**EXERCISE INSTRUCTIONS**
Your answer is the lines below, exactly, from the one that contains "#50=DIRECTION('',(0.,0.,1.));" through the one that contains "#75=VECTOR('',#74,1.);", both included.

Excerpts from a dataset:
- - -
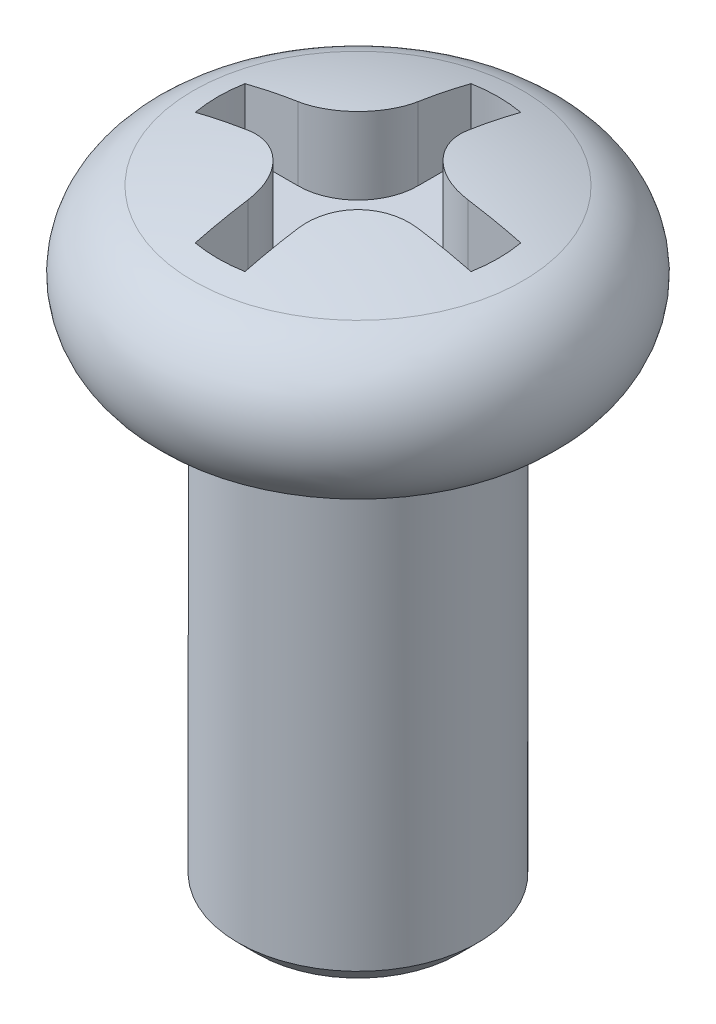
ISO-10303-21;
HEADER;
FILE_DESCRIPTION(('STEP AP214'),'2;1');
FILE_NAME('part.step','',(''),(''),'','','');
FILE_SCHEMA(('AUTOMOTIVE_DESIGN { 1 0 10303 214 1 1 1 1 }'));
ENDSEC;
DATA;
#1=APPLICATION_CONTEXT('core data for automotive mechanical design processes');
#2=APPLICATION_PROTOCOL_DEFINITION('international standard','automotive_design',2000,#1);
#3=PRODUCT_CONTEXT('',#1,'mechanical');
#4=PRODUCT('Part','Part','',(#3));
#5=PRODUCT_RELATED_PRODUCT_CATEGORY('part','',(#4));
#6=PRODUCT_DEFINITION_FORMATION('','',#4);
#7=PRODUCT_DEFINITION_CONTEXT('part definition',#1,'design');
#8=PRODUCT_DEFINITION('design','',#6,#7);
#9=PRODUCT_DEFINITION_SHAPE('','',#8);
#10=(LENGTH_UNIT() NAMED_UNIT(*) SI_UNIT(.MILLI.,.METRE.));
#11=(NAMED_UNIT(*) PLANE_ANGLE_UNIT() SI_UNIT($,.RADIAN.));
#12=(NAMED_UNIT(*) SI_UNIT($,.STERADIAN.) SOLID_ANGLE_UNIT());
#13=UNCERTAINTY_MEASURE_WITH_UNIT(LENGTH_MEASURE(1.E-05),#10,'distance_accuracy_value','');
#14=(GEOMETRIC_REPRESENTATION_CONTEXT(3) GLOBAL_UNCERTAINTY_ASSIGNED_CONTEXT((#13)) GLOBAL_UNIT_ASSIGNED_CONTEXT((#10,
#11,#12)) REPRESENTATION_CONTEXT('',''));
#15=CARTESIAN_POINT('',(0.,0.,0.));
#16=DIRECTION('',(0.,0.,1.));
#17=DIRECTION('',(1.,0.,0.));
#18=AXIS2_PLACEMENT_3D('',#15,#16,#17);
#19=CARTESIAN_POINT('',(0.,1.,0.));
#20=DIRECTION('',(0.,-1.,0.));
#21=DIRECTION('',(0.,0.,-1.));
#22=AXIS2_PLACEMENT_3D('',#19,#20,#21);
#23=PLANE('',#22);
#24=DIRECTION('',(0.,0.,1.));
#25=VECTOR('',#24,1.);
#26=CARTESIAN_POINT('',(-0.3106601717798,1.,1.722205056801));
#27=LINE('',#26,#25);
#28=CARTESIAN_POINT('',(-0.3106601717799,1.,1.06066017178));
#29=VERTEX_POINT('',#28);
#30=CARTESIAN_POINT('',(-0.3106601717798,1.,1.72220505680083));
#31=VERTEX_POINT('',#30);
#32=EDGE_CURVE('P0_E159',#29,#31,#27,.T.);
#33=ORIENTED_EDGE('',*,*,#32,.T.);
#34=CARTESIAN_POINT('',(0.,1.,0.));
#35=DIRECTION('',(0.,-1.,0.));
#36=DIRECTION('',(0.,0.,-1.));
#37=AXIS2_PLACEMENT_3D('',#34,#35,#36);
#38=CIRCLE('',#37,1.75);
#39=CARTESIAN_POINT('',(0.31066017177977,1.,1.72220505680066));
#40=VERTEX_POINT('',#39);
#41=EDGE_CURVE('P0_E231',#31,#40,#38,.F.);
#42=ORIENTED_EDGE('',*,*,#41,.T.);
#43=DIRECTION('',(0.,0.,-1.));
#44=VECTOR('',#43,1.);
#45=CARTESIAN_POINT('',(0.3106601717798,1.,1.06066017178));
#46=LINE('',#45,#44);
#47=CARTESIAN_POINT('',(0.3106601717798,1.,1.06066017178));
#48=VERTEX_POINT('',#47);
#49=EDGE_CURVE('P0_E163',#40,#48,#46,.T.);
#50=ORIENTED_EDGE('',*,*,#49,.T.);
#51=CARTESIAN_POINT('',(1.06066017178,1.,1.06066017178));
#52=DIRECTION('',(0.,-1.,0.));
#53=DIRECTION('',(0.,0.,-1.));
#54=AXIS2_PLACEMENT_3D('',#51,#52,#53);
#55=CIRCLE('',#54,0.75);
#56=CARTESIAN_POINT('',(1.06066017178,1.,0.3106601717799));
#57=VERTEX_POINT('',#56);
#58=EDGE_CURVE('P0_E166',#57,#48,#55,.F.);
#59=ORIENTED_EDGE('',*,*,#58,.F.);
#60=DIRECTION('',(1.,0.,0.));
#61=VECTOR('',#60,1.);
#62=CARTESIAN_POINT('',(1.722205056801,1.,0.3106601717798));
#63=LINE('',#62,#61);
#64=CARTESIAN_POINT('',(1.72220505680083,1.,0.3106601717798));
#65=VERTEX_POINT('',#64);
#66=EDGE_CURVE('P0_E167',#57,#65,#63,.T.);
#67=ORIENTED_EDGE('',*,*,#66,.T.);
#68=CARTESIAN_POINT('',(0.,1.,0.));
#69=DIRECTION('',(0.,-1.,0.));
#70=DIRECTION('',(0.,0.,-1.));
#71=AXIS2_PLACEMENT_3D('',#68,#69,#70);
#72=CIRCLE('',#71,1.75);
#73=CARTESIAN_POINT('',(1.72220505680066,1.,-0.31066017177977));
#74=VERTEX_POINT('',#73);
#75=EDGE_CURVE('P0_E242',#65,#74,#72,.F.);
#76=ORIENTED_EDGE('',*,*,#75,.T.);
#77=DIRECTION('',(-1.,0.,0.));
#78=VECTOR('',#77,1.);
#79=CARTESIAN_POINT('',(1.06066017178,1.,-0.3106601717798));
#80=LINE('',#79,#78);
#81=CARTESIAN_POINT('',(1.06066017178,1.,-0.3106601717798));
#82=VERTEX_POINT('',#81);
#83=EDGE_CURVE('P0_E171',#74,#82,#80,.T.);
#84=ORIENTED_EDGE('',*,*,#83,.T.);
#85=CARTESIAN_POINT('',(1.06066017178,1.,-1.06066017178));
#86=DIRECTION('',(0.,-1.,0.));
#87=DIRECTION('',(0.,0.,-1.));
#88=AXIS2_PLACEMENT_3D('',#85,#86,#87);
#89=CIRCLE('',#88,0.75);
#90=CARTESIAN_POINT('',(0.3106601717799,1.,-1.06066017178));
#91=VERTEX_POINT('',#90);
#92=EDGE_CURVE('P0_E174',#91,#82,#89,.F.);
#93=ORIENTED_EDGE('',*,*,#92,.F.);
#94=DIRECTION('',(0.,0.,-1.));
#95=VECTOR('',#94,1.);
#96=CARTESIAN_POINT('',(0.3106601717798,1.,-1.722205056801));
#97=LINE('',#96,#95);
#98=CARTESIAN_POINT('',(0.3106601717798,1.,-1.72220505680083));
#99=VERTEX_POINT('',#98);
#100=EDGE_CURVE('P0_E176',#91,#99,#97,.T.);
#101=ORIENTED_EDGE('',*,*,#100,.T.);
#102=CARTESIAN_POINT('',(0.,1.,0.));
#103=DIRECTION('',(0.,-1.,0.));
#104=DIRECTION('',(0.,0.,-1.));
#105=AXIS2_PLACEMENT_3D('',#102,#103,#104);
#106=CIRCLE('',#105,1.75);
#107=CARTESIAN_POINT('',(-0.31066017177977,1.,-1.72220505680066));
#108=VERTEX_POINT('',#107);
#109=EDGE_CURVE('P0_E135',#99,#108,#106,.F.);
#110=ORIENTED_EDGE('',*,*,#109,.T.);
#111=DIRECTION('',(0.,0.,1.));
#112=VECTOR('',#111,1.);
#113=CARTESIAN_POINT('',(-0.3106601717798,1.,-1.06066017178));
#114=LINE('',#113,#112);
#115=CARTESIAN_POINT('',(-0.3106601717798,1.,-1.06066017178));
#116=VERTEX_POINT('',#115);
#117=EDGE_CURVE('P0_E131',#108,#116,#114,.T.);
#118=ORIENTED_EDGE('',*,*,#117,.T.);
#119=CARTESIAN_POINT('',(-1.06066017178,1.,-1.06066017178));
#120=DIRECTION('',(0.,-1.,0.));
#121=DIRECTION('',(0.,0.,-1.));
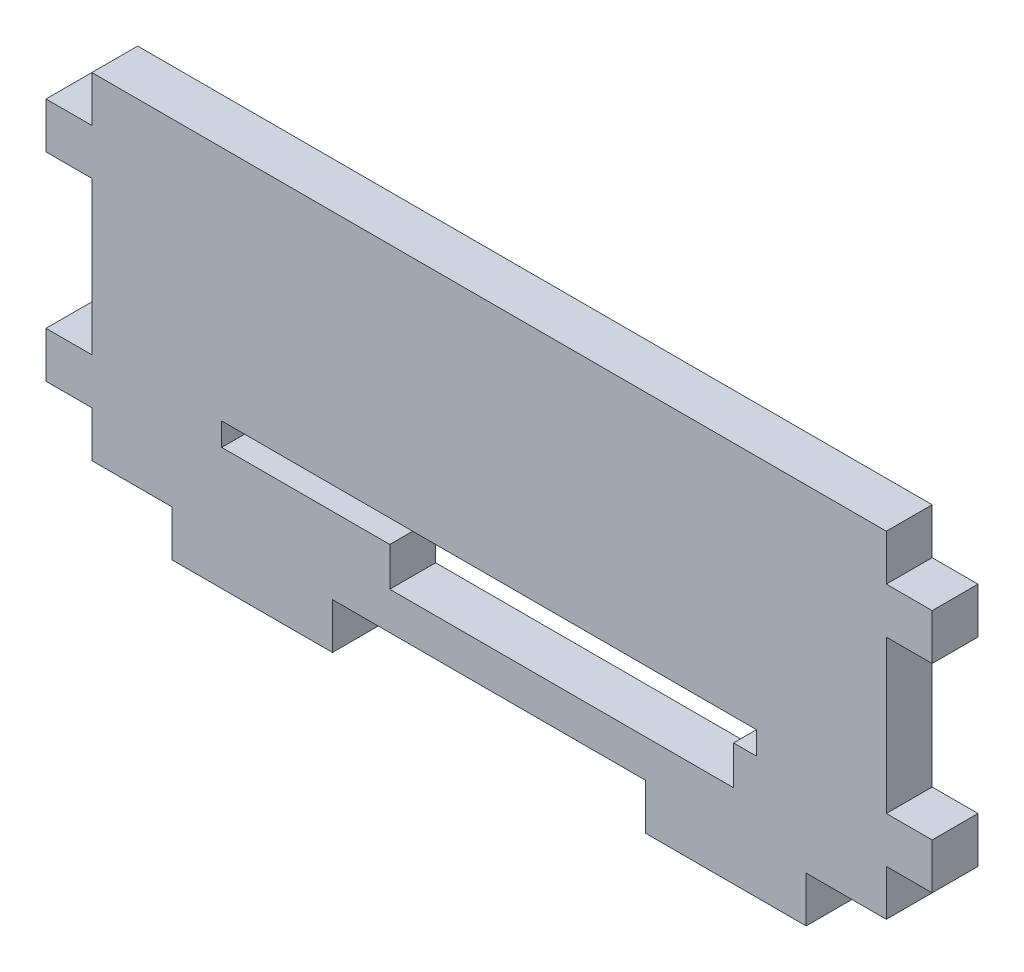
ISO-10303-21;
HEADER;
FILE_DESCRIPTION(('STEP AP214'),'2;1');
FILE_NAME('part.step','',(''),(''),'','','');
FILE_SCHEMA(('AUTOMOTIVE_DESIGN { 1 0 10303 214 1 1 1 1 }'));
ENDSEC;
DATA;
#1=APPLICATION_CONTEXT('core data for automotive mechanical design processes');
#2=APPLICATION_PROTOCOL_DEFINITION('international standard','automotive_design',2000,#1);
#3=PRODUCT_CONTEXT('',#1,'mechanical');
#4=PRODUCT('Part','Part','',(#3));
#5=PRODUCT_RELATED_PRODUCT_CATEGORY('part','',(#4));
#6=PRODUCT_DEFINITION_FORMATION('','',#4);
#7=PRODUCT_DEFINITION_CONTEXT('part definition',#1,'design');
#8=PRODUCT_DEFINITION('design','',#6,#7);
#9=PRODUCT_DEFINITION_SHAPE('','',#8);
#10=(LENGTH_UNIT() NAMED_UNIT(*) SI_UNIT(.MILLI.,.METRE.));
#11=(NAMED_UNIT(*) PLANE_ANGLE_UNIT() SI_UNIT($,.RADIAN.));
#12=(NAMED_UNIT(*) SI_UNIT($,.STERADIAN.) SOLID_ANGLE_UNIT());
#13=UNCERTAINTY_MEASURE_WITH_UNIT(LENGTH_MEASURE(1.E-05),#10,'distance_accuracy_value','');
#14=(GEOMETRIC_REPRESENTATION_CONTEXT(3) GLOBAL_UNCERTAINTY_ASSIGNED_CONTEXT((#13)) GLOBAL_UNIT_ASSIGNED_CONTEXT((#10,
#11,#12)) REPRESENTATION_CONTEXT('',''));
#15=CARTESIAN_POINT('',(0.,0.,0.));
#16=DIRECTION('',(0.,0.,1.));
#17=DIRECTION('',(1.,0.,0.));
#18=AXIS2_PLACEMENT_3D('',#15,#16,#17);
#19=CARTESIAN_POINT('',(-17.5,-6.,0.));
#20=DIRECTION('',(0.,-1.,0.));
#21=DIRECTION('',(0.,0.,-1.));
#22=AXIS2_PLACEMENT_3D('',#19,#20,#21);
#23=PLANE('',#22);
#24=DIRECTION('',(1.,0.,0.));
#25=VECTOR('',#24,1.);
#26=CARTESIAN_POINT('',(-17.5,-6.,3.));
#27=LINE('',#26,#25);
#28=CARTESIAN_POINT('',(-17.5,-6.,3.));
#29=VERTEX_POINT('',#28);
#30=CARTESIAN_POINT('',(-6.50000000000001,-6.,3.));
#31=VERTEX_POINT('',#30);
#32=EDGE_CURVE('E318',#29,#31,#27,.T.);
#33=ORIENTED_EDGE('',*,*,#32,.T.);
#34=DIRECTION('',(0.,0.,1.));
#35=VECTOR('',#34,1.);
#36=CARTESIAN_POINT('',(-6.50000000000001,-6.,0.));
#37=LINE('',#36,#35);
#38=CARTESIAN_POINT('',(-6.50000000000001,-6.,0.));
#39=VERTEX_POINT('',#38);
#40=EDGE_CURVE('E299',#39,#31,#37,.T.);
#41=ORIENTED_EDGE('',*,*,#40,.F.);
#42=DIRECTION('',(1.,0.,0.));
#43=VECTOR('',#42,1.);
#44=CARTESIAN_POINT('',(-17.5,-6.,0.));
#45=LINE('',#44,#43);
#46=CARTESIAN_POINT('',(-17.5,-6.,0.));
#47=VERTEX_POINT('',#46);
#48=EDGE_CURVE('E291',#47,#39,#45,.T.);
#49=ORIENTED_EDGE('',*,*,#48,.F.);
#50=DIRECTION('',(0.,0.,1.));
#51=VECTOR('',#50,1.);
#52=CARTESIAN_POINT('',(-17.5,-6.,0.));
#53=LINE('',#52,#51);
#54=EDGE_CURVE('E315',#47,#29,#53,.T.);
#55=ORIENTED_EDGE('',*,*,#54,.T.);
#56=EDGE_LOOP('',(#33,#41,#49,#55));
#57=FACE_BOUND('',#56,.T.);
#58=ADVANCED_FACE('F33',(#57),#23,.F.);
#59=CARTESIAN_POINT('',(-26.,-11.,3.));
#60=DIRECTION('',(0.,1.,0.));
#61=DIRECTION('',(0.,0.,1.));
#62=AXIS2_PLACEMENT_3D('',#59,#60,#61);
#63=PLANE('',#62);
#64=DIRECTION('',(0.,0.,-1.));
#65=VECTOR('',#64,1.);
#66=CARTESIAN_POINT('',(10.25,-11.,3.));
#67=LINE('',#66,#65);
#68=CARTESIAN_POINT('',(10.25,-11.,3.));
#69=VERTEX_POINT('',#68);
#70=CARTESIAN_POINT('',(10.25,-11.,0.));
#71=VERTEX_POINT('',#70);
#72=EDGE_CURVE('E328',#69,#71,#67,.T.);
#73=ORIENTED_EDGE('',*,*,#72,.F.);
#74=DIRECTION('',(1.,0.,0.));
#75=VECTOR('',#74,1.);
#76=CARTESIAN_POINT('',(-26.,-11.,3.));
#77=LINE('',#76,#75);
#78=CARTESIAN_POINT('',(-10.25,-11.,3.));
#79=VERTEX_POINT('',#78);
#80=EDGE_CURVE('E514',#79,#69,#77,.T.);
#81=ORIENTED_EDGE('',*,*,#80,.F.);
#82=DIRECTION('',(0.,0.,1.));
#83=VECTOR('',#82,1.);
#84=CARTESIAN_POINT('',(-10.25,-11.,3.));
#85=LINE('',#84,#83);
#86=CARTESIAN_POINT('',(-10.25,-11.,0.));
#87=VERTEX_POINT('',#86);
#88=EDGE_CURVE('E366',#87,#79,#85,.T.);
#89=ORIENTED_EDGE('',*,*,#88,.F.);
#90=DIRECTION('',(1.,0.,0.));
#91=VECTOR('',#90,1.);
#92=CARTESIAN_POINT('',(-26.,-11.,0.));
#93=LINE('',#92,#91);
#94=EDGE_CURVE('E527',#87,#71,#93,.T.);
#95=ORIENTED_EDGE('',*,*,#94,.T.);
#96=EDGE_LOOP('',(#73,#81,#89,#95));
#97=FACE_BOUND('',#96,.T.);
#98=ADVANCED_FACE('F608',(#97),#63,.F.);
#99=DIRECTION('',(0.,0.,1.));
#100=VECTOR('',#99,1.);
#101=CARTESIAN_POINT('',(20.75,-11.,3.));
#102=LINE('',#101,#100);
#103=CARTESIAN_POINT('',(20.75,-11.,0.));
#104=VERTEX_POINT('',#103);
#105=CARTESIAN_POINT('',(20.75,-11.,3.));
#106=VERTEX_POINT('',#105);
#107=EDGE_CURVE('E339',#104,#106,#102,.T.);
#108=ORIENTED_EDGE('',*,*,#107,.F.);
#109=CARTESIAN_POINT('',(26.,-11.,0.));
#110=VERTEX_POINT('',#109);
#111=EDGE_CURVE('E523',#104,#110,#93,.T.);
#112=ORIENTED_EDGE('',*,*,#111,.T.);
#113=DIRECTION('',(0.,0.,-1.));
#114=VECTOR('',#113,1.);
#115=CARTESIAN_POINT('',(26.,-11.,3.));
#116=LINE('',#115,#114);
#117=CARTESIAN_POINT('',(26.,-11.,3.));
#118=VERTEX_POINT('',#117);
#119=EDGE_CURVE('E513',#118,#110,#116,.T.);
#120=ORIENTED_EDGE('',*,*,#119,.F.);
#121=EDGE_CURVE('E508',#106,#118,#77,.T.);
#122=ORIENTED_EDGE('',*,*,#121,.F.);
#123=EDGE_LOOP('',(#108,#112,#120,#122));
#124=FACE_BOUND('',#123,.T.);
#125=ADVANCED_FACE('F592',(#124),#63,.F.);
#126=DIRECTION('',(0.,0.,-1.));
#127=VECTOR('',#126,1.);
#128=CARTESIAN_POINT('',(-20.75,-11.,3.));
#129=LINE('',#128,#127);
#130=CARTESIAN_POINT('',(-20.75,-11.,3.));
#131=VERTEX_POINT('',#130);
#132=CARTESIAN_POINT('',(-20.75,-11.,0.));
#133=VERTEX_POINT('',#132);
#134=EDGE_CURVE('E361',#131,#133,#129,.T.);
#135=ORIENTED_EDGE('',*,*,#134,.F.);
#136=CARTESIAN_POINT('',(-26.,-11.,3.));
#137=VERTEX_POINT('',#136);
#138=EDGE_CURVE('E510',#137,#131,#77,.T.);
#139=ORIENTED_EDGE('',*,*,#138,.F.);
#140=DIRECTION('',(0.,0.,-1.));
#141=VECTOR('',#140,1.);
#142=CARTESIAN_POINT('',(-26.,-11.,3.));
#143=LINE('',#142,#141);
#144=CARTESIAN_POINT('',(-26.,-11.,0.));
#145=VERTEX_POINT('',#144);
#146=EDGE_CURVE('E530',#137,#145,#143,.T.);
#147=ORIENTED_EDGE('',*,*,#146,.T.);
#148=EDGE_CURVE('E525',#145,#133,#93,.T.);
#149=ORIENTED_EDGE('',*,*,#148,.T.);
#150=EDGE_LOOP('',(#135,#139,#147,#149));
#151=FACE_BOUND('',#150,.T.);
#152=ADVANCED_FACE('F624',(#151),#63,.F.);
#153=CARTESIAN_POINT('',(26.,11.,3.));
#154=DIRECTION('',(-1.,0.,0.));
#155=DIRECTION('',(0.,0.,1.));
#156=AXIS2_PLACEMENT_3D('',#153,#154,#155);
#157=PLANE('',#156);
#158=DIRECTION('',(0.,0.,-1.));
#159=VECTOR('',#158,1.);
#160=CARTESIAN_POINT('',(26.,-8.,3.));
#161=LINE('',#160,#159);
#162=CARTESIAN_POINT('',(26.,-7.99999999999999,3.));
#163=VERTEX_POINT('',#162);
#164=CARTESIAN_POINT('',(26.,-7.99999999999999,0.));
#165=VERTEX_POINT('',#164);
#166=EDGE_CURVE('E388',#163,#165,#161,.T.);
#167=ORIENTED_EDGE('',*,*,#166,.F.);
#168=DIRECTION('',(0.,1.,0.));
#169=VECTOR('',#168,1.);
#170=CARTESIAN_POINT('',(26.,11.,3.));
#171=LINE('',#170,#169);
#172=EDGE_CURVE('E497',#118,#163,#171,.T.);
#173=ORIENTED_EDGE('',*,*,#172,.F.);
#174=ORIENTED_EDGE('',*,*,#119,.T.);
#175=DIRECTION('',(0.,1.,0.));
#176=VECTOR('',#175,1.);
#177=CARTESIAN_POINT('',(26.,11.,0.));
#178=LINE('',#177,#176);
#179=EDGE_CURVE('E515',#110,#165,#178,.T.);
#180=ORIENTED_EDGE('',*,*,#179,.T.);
- - -
**EXERCISE SOLUTION**
#50=DIRECTION('',(0.,0.,1.));
#51=VECTOR('',#50,1.);
#52=CARTESIAN_POINT('',(-17.5,-6.,0.));
#53=LINE('',#52,#51);
#54=EDGE_CURVE('E315',#47,#29,#53,.T.);
#55=ORIENTED_EDGE('',*,*,#54,.T.);
#56=EDGE_LOOP('',(#33,#41,#49,#55));
#57=FACE_BOUND('',#56,.T.);
#58=ADVANCED_FACE('F33',(#57),#23,.F.);
#59=CARTESIAN_POINT('',(-26.,-11.,3.));
#60=DIRECTION('',(0.,1.,0.));
#61=DIRECTION('',(0.,0.,1.));
#62=AXIS2_PLACEMENT_3D('',#59,#60,#61);
#63=PLANE('',#62);
#64=DIRECTION('',(0.,0.,-1.));
#65=VECTOR('',#64,1.);
#66=CARTESIAN_POINT('',(10.25,-11.,3.));
#67=LINE('',#66,#65);
#68=CARTESIAN_POINT('',(10.25,-11.,3.));
#69=VERTEX_POINT('',#68);
#70=CARTESIAN_POINT('',(10.25,-11.,0.));
#71=VERTEX_POINT('',#70);
#72=EDGE_CURVE('E328',#69,#71,#67,.T.);
#73=ORIENTED_EDGE('',*,*,#72,.F.);
#74=DIRECTION('',(1.,0.,0.));
#75=VECTOR('',#74,1.);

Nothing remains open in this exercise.